- Fitzroy Developmental Road (green and black)

General information
- Type: Rural road
- Length: 454 km (282 mi)
- Route number(s): State Route 7; Taroom - Rhydding; Bauhinia - Duaringa; State Route 67; Dingo - Strathfield;

Major junctions
- South end: Leichhardt Highway Taroom
- Dawson Highway; (State Route 60); Capricorn Highway; (State Highway A4);
- North end: State Route 70 (Peak Downs Highway) Strathfield

Location(s)
- Major settlements: Rhydding, Bauhinia, Duaringa, Dingo

= Fitzroy Developmental Road =

The Fitzroy Developmental Road is a designated road in the Central Highlands Region of Queensland consisting of three separate sections. The general direction is from south to north. It is nicknamed the Beef Road.

==Route description==
===Southern section===
The southern section leaves the Leichhardt Highway at a point 17 km north of Taroom as State Route 7. This section meets the Dawson Highway in the locality of Rhydding, 19 km east of Bauhinia.

===Middle section===
The middle section, as State Route 7, runs from Bauhinia north until it meets the Capricorn Highway about 2 km west of Duaringa, and 29 km east of Dingo.
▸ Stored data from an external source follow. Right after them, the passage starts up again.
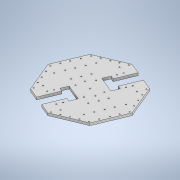
# Autodesk Inventor part: Support bas
Saved by Autodesk Inventor 2020 (Build 240168000, 168)
## iProperties
Created: 2019-11-28
Part Number: Support bas
Material: Générique
Document SubType Name: Modeling
Designer: erwan
Density: 1 g/cm^3
Appearance: Par défaut
Author: erwan
Autodesk Inventor part; units mm, degrees
ref_plane "YZ Plane" through (0, 0, 0) normal (1, 0, 0) x (0, 1, 0)
ref_plane "XZ Plane" through (0, 0, 0) normal (0, 1, 0) x (-1, 0, 0)
ref_plane "XY Plane" through (0, 0, 0) normal (0, 0, 1) x (1, 0, 0)
sketch "Esquisse1" plane through (0, 0, 0) normal (0, 1, 0) x (-1, 0, 0)
  line L0 (174.5381, 0.1913) -> (123.2817, 123.935)
  line L1 (174.5381, 0.1913) -> (123.2817, -123.5523)
  line L2 (123.2817, -123.5523) -> (-0.4619, -174.8087)
  line L3 (-123.2817, -123.935) -> (-174.5381, -0.1913)
  line L4 (-174.5381, -0.1913) -> (-123.2817, 123.5523)
  line L5 (-123.2817, 123.5523) -> (0.4619, 174.8087)
  line L6 (-0.4619, -174.8087) -> (-43.3943, -157.0255)
  line L7 (-123.2817, -123.935) -> (-80.3494, -141.7182)
  line L8 (-1.0786, 88.8554) -> (-12.5591, 61.139)
  line L9 (-12.5591, 61.139) -> (52.1124, 34.3512)
  line L10 (52.1124, 34.3512) -> (63.593, 62.0676)
  line L11 (63.593, 62.0676) -> (49.7348, 67.8078)
  line L12 (49.7348, 67.8078) -> (80.3494, 141.7182)
  line L13 (-1.0786, 88.8554) -> (12.7796, 83.1151)
  line L14 (12.7796, 83.1151) -> (43.3943, 157.0255)
  line L15 (123.2817, 123.935) -> (80.3494, 141.7182)
  line L16 (0.4619, 174.8087) -> (43.3943, 157.0255)
  line L17 (-63.593, -62.0676) -> (-52.1124, -34.3512)
  line L18 (-52.1124, -34.3512) -> (12.5591, -61.139)
  line L19 (12.5591, -61.139) -> (1.0786, -88.8554)
  line L20 (1.0786, -88.8554) -> (-12.7796, -83.1151)
  line L21 (-12.7796, -83.1151) -> (-43.3943, -157.0255)
  line L22 (-63.593, -62.0676) -> (-49.7348, -67.8078)
  line L23 (-49.7348, -67.8078) -> (-80.3494, -141.7182)
  point P0 (0, 0)
  dimension "d113" = 30
  dimension "d114" = 70
  dimension "d115" = 30
  dimension "d116" = 15
  dimension "d117" = 15
  dimension "d120" = 30
  dimension "d121" = 70
  dimension "d122" = 15
  dimension "d123" = 15
  constraints: 48 end point, 8 perpendicular, 2 collinear
  measures "d113" distance of L8.start L8.end
  measures "d114" distance of L8.end L9.end
  measures "d115" distance of L9.end L10.end
  measures "d116" distance of L10.end L11.end
  measures "d117" distance of L8.start L13.end
  measures "d120" distance of L17.start L17.end
  measures "d121" distance of L17.end L18.end
  measures "d122" distance of L19.end L20.end
  measures "d123" distance of L17.start L22.end
extrude "Extrusion1" add sketch "Esquisse1" along normal blind 10
sketch "Esquisse2" plane through (0, 10, 0) normal (0, 1, 0) x (1, 0, 0)
  line L0 (0, 0) -> (135.5137, -56.1316) construction
  line L1 (0, 0) -> (-162.1857, 67.1795) construction
  line L2 (0, 175) -> (-123.7437, -123.7437) construction
  line L3 (0, -175) -> (123.7437, 123.7437) construction
  line L4 (174.5381, 0.1913) -> (-123.2817, 123.5523) construction
  line L5 (-174.5381, -0.1913) -> (123.2817, -123.5523) construction
  line L6 (150.0138, 60.7587) -> (-149.0913, -62.1087) construction
  line L7 (-60.9725, 148.8775) -> (61.8949, -150.2276) construction
  line L8 (-60.9725, 148.8775) -> (-149.0913, -62.1087) construction
  line L9 (61.8949, -150.2276) -> (150.0138, 60.7587) construction
  circle A0 centre (165.8145, -1.0193) radius 2.25
  line L10 (165.8145, -1.0193) -> (116.2638, -120.6454) construction
  circle A1 centre (116.2638, -120.6454) radius 2.25
  circle A2 centre (141.8919, -58.7736) radius 2.25
  circle A3 centre (153.2932, -30.2913) radius 2.25
  circle A4 centre (128.2212, -90.3222) radius 2.25
  line L11 (119.9169, 114.5049) -> (165.8145, -1.0193) construction
  circle A5 centre (119.9169, 114.5049) radius 2.25
  circle A6 centre (142.4969, 57.6709) radius 2.25
  circle A7 centre (130.8905, 86.6335) radius 2.25
  circle A8 centre (153.432, 29.381) radius 2.25
  line L12 (3.8268, -165.7612) -> (116.2638, -120.6454) construction
  circle A9 centre (3.8268, -165.7612) radius 2.25
  circle A10 centre (60.0453, -143.2033) radius 2.25
  circle A11 centre (31.6722, -154.3729) radius 2.25
  circle A12 centre (87.3628, -131.5964) radius 2.25
  line L13 (-164.5381, -0.1913) -> (-114.7462, 120.0168) construction
  circle A13 centre (-164.5381, -0.1913) radius 2.25
  circle A14 centre (-114.7462, 120.0168) radius 2.25
  circle A15 centre (-140.3744, 58.145) radius 2.25
  circle A16 centre (-127.2988, 88.9721) radius 2.25
  circle A17 centre (-152.3708, 28.9413) radius 2.25
  line L14 (-3.8268, 165.7612) -> (-114.7462, 120.0168) construction
  circle A18 centre (-3.8268, 165.7612) radius 2.25
  circle A19 centre (-58.6246, 143.162) radius 2.25
  circle A20 centre (-31.6722, 154.3729) radius 2.25
  circle A21 centre (-87.3628, 131.5964) radius 2.25
  line L15 (-119.9169, -114.5049) -> (-164.5381, -0.1913) construction
  circle A22 centre (-119.9169, -114.5049) radius 2.25
  circle A23 centre (-141.5745, -59.0209) radius 2.25
  circle A24 centre (-130.8905, -86.6335) radius 2.25
  circle A25 centre (-153.432, -29.381) radius 2.25
  circle A26 centre (15.3073, -138.0448) radius 2.25
  circle A27 centre (80.4463, -105.8093) radius 2.25
  circle A28 centre (105.9544, -44.7345) radius 2.25
  circle A29 centre (132.0654, 17.7841) radius 2.25
  circle A30 centre (108.4363, 86.7885) radius 2.25
  circle A31 centre (61.8718, -25.6282) radius 2.25
  circle A32 centre (0, 0) radius 2.25
  circle A33 centre (-15.3073, 138.0448) radius 2.25
  circle A34 centre (-79.1792, 105.2845) radius 2.25
  circle A35 centre (-105.0319, 43.3844) radius 2.25
  circle A36 centre (-130.7983, -18.309) radius 2.25
  circle A37 centre (-61.8718, 25.6282) radius 2.25
  line L16 (183.0548, 10.7676) -> (-121.8254, 137.0531) construction
  line L17 (-121.8254, 137.0531) -> (-183.0548, -10.7676) construction
  line L18 (-183.0548, -10.7676) -> (121.8254, -137.0531) construction
  line L19 (183.0548, 10.7676) -> (121.8254, -137.0531) construction
  line L20 (15.3073, -138.0448) -> (-145.3915, -71.4812) construction
  line L21 (15.3073, -138.0448) -> (52.2625, -153.3522) construction
  circle A38 centre (-108.4363, -86.7885) radius 2.25
  line L22 (-15.6478, 66.748) -> (-57.8915, -35.2375) construction
  line L23 (58.2626, 36.1333) -> (15.8255, -66.3188) construction
  circle A39 centre (37.0441, -15.0928) radius 2.25
  circle A40 centre (-36.7697, 15.7552) radius 2.25
  line L24 (31.2572, -99.5385) -> (49.7348, -107.1922) construction
  line L25 (49.7348, -107.1922) -> (42.0811, -125.6698) construction
  line L26 (42.0811, -125.6698) -> (23.6035, -118.0161) construction
  line L27 (31.2572, -99.5385) -> (23.6035, -118.0161) construction
  line L28 (92.4865, 48.2822) -> (110.9641, 40.6285) construction
  line L29 (110.9641, 40.6285) -> (118.6178, 59.1061) construction
  line L30 (118.6178, 59.1061) -> (100.1402, 66.7598) construction
  line L31 (92.4865, 48.2822) -> (100.1402, 66.7598) construction
  line L32 (-92.4865, -48.2822) -> (-110.9641, -40.6285) construction
  line L33 (-110.9641, -40.6285) -> (-118.6178, -59.1061) construction
  line L34 (-118.6178, -59.1061) -> (-100.1402, -66.7598) construction
  line L35 (-92.4865, -48.2822) -> (-100.1402, -66.7598) construction
  line L36 (-31.2572, 99.5385) -> (-23.6035, 118.0161) construction
  line L37 (-23.6035, 118.0161) -> (-42.0811, 125.6698) construction
  line L38 (-42.0811, 125.6698) -> (-49.7348, 107.1922) construction
  line L39 (-31.2572, 99.5385) -> (-49.7348, 107.1922) construction
  line L40 (-152.3708, 28.9413) -> (128.2212, -90.3222) construction
  line L41 (153.2932, -30.2913) -> (-127.2988, 88.9721) construction
  circle A41 centre (-117.2914, 14.0311) radius 2.25
  circle A42 centre (-92.2194, 74.0619) radius 2.25
  circle A43 centre (118.2139, -15.3811) radius 2.25
  circle A44 centre (93.1419, -75.412) radius 2.25
  circle A45 centre (49.0189, -56.6578) radius 2.25
  circle A46 centre (-74.2528, -4.2622) radius 2.25
  circle A47 centre (-49.3563, 55.8433) radius 2.25
  circle A48 centre (73.9154, 3.4476) radius 2.25
  circle A49 centre (-41.8248, -18.0454) radius 2.25
  circle A50 centre (-17.1286, 42.1451) radius 2.25
  circle A51 centre (42.7473, 16.6954) radius 2.25
  circle A52 centre (18.051, -43.4952) radius 2.25
  line L42 (12.5591, -61.139) -> (1.0786, -88.8554) projected
  line L43 (1.0786, -88.8554) -> (-29.4222, -162.8129) construction
  line L44 (-43.3943, -157.0255) -> (-0.4619, -174.8087) projected
  line L45 (-63.593, -62.0676) -> (-52.1124, -34.3512) projected
  line L46 (-63.593, -62.0676) -> (-94.4694, -135.8695) construction
  line L47 (-123.2817, -123.935) -> (-80.3494, -141.7182) projected
  line L48 (-100.1402, -66.7598) -> (23.6035, -118.0161) construction
  line L49 (-12.7796, -83.1151) -> (-43.3943, -157.0255) projected
  line L50 (-23.6035, 118.0161) -> (100.1402, 66.7598) construction
  line L51 (-1.0786, 88.8554) -> (29.7527, 162.676) construction
  line L52 (63.2824, 61.9749) -> (93.8612, 136.1214) construction
  line L53 (123.2817, 123.935) -> (80.3494, 141.7182) projected
  line L54 (-15.3073, 138.0448) -> (108.4363, 86.7885) construction
  circle A53 centre (-79.0312, -98.9685) radius 2.25
  circle A54 centre (-70.6641, -78.9692) radius 2.25
  circle A55 centre (-5.9065, -105.7927) radius 2.25
  circle A56 centre (-14.1718, -125.8342) radius 2.25
  circle A57 centre (14.3371, 125.7657) radius 2.25
  circle A58 centre (5.9822, 105.7613) radius 2.25
  circle A59 centre (70.3455, 79.1012) radius 2.25
  circle A60 centre (78.6108, 99.1427) radius 2.25
  dimension "d14" = 4.5
  dimension "d15" = 4.5
  dimension "d16" = 4.5
  dimension "d17" = 4.5
  dimension "d18" = 4.5
  dimension "d19" = 10
  dimension "d20" = 4.5
  dimension "d21" = 4.5
  dimension "d22" = 4.5
  dimension "d23" = 4.5
  dimension "d24" = 10
  dimension "d25" = 4.5
  dimension "d26" = 4.5
  dimension "d27" = 4.5
  dimension "d28" = 4.5
  dimension "d29" = 10
  dimension "d30" = 4.5
  dimension "d31" = 4.5
  dimension "d32" = 4.5
  dimension "d33" = 4.5
  dimension "d34" = 4.5
  dimension "d35" = 10
  dimension "d36" = 4.5
  dimension "d37" = 4.5
  dimension "d38" = 4.5
  dimension "d39" = 4.5
  dimension "d40" = 10
  dimension "d41" = 4.5
  dimension "d42" = 4.5
  dimension "d43" = 4.5
  dimension "d44" = 4.5
  dimension "d45" = 4.5
  dimension "d46" = 4.5
  dimension "d47" = 4.5
  dimension "d48" = 4.5
  dimension "d49" = 4.5
  dimension "d51" = 4.5
  dimension "d53" = 4.5
  dimension "d54" = 4.5
  dimension "d56" = 4.5
  dimension "d57" = 4.5
  dimension "d58" = 4.5
  dimension "d60" = 4.5
  dimension "d68" = 330
  dimension "d69" = 160
  dimension "d82" = 4.5
  dimension "d85" = 4.5
  dimension "d86" = 4.5
  dimension "d87" = 20
  dimension "d88" = 20
  dimension "d89" = 20
  dimension "d90" = 20
  dimension "d91" = 20
  dimension "d92" = 20
  dimension "d93" = 20
  dimension "d94" = 20
  dimension "d95" = 4.5
  dimension "d96" = 4.5
  dimension "d97" = 4.5
  dimension "d98" = 4.5
  dimension "d99" = 4.5
  dimension "d100" = 4.5
  dimension "d101" = 4.5
  dimension "d102" = 4.5
  constraints: 94 end point, 66 point on line, 61 centre point, 10 perpendicular, 8 coincident, 8 midpoint, 1 collinear, 1 parallel, 32 other
  measures "d14" diameter of A0
  measures "d15" diameter of A1
  measures "d16" diameter of A2
  measures "d17" diameter of A3
  measures "d18" diameter of A4
  measures "d19" distance of point (123.744, 123.744) L11.start
  measures "d20" diameter of A5
  measures "d21" diameter of A6
  measures "d22" diameter of A7
  measures "d23" diameter of A8
  measures "d24" distance of point (0, -175) L12.start
  measures "d25" diameter of A9
  measures "d26" diameter of A10
  measures "d27" diameter of A11
  measures "d28" diameter of A12
  measures "d29" distance of L5.start L13.start
  measures "d30" diameter of A13
  measures "d31" diameter of A14
  measures "d32" diameter of A15
  measures "d33" diameter of A16
  measures "d34" diameter of A17
  measures "d35" distance of point (0, 175) L14.start
  measures "d36" diameter of A18
  measures "d37" diameter of A19
  measures "d38" diameter of A20
  measures "d39" diameter of A21
  measures "d40" distance of point (-123.744, -123.744) L15.start
  measures "d41" diameter of A22
  measures "d42" diameter of A23
  measures "d43" diameter of A24
  measures "d44" diameter of A25
  measures "d45" diameter of A26
  measures "d46" diameter of A27
  measures "d47" diameter of A28
  measures "d48" diameter of A29
  measures "d49" diameter of A30
  measures "d51" diameter of A31
  measures "d53" diameter of A32
  measures "d54" diameter of A33
  measures "d56" diameter of A34
  measures "d57" diameter of A35
  measures "d58" diameter of A36
  measures "d60" diameter of A37
  measures "d68" distance of L16.start L16.end
  measures "d69" distance of L16.end L17.end
  measures "d82" diameter of A38
  measures "d85" diameter of A39
  measures "d86" diameter of A40
  measures "d87" distance of L24.start L24.end
  measures "d88" distance of L24.end L25.end
  measures "d89" distance of L28.start L28.end
  measures "d90" distance of L28.end L29.end
  measures "d91" distance of L32.start L32.end
  measures "d92" distance of L32.end L33.end
  measures "d93" distance of L36.start L36.end
  measures "d94" distance of L36.end L37.end
  measures "d95" diameter of A41
  measures "d96" diameter of A42
  measures "d97" diameter of A43
  measures "d98" diameter of A44
  measures "d99" diameter of A45
  measures "d100" diameter of A46
  measures "d101" diameter of A47
  measures "d102" diameter of A48
extrude "Extrusion2" cut sketch "Esquisse2" against normal blind 10
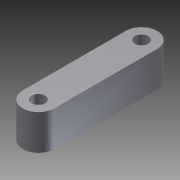
# Autodesk Inventor part: F
Saved by Autodesk Inventor 2011 SP2 (Build 150309200, 309)
## iProperties
Created: 2014-05-09
Part Number: F
Document SubType Name: Modeling
Designer: Maurice Woods
Density: 1 g/cm^3
Author: Maurice Woods
Autodesk Inventor part; units mm, degrees
ref_plane "YZ Plane" through (0, 0, 0) normal (1, 0, 0) x (0, 1, 0)
ref_plane "XZ Plane" through (0, 0, 0) normal (0, 1, 0) x (-1, 0, 0)
ref_plane "XY Plane" through (0, 0, 0) normal (0, 0, 1) x (1, 0, 0)
sketch "Sketch1" plane through (0, 0, 0) normal (0, 0, 1) x (1, 0, 0)
  line L0 (0, 17.1679) -> (0, 17.1679)
  line L1 (4, 13.1679) -> (4, -13.1679)
  line L2 (0, -17.1679) -> (0, -17.1679)
  line L3 (-4, -13.1679) -> (-4, 13.1679)
  line L4 (-4, 17.1679) -> (0, 17.1679) construction
  line L5 (0, 17.1679) -> (0, 0) construction
  line L6 (0, 0) -> (-4, 0) construction
  line L7 (-4, 0) -> (-4, 17.1679) construction
  arc A0 (4, 13.1679) -> (0, 17.1679) centre (0, 13.1679) ccw
  arc A1 (0, 17.1679) -> (-4, 13.1679) centre (0, 13.1679) ccw
  arc A2 (-4, -13.1679) -> (0, -17.1679) centre (0, -13.1679) ccw
  arc A3 (0, -17.1679) -> (4, -13.1679) centre (0, -13.1679) ccw
  dimension "d0" = 4
  dimension "d6" = 26.3358
  constraints: 16 end point, 8 point on circle, 8 tangent, 4 centre point, 4 parallel, 3 equal radius, 2 coincident, 2 horizontal, 2 perpendicular, 2 point on line, 2 other
  measures "d0" radius of A0
  measures "d6" distance of A2.centre A0.centre
extrude "Extrusion1" add sketch "Sketch1" along normal mid plane 9
sketch "Sketch2" plane through (0, 0, 4.5) normal (0, 0, 1) x (1, 0, 0)
  arc A0 (4, 13.1679) -> (-4, 13.1679) centre (0, 13.1679) ccw construction
  arc A1 (-4, -13.1679) -> (4, -13.1679) centre (0, -13.1679) ccw construction
  point P0 (0, 0)
hole "Hole1" at (0, 13.1679, 4.5) at (0, -13.1679, 4.5) direction (0, 0, -1) diameter 3.4 end through all clearance for "Socket Head Cap Screw" size "M3" standard "Ansi Metric M Profile"
equation "\"d6\" = LengthF"
equation "\"LengthF\" = 26.335787"
body "Solid1"

It passes through the Dawson Range State Forest between Woorabinda and Duaringa.

===Northern section===
The northern section, as State Route 67, runs from Dingo to a point on the Peak Downs Highway in the locality of Strathfield, 21 km east of Coppabella. It crosses the Mackenzie River and passes the mining towns of Middlemount and Dysart.

===Length details===
The southern section is 115 km in length, and is mostly unsealed.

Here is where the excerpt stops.